(MATERIAL FOR THE TASK Opens)

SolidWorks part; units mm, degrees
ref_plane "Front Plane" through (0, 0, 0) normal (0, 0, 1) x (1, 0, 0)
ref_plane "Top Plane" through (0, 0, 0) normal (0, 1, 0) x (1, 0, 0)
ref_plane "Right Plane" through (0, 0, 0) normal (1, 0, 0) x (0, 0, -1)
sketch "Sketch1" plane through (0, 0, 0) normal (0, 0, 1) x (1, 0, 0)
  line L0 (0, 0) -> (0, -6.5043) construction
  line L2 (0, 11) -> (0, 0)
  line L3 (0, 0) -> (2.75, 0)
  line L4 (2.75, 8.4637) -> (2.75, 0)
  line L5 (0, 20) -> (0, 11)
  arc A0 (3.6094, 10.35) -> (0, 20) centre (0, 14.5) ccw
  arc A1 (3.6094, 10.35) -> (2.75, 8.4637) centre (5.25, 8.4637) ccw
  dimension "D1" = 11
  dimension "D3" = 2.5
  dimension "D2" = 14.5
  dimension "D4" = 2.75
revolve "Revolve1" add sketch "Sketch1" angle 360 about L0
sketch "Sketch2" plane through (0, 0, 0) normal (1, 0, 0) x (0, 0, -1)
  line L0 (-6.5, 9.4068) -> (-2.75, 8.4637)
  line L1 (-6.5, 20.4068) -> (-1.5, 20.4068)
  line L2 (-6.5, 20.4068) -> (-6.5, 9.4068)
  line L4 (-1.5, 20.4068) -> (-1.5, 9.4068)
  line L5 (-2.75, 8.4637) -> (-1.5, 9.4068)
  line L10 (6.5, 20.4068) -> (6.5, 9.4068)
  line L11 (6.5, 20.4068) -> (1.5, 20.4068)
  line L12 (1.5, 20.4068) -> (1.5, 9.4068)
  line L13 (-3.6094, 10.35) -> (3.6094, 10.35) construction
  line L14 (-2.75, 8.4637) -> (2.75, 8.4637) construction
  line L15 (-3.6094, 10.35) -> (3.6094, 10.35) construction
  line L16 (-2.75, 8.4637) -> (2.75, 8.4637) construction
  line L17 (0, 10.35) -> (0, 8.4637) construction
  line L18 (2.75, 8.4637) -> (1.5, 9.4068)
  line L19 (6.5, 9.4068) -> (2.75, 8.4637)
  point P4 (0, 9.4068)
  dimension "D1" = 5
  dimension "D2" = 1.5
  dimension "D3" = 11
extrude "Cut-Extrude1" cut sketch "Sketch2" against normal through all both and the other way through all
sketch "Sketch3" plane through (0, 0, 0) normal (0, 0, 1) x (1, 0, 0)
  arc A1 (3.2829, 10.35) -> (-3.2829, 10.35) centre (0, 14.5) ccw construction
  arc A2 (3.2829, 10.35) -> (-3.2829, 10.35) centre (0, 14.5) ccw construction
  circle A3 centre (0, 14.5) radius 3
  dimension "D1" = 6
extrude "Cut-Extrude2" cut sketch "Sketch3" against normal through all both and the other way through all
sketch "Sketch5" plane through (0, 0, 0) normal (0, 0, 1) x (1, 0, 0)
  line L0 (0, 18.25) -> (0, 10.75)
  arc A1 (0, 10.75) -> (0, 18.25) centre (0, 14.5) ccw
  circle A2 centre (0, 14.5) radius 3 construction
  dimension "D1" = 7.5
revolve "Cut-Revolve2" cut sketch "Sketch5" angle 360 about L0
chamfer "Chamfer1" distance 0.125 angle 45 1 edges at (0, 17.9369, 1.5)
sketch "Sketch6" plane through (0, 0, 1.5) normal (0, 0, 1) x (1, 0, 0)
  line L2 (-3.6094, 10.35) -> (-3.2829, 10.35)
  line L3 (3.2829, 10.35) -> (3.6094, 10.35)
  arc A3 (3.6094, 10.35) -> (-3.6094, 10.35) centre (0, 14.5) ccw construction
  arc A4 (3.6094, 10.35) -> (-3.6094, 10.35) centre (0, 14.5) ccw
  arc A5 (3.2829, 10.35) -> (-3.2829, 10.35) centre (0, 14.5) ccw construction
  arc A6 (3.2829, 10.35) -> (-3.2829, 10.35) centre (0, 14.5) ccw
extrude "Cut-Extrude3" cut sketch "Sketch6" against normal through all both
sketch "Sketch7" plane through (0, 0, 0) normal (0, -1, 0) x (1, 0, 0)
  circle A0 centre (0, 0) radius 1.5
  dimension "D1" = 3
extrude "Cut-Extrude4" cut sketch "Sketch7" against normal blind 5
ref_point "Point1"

(MATERIAL FOR THE TASK Closes)

▶ **PROBLEM DESCRIPTION**: For every line of the records that has the word "sketch" in it, make a copy.

▶ **TASK SOLUTION**:
sketch "Sketch1" plane through (0, 0, 0) normal (0, 0, 1) x (1, 0, 0)
revolve "Revolve1" add sketch "Sketch1" angle 360 about L0
sketch "Sketch2" plane through (0, 0, 0) normal (1, 0, 0) x (0, 0, -1)
extrude "Cut-Extrude1" cut sketch "Sketch2" against normal through all both and the other way through all
sketch "Sketch3" plane through (0, 0, 0) normal (0, 0, 1) x (1, 0, 0)
extrude "Cut-Extrude2" cut sketch "Sketch3" against normal through all both and the other way through all
sketch "Sketch5" plane through (0, 0, 0) normal (0, 0, 1) x (1, 0, 0)
revolve "Cut-Revolve2" cut sketch "Sketch5" angle 360 about L0
sketch "Sketch6" plane through (0, 0, 1.5) normal (0, 0, 1) x (1, 0, 0)
extrude "Cut-Extrude3" cut sketch "Sketch6" against normal through all both
sketch "Sketch7" plane through (0, 0, 0) normal (0, -1, 0) x (1, 0, 0)
extrude "Cut-Extrude4" cut sketch "Sketch7" against normal blind 5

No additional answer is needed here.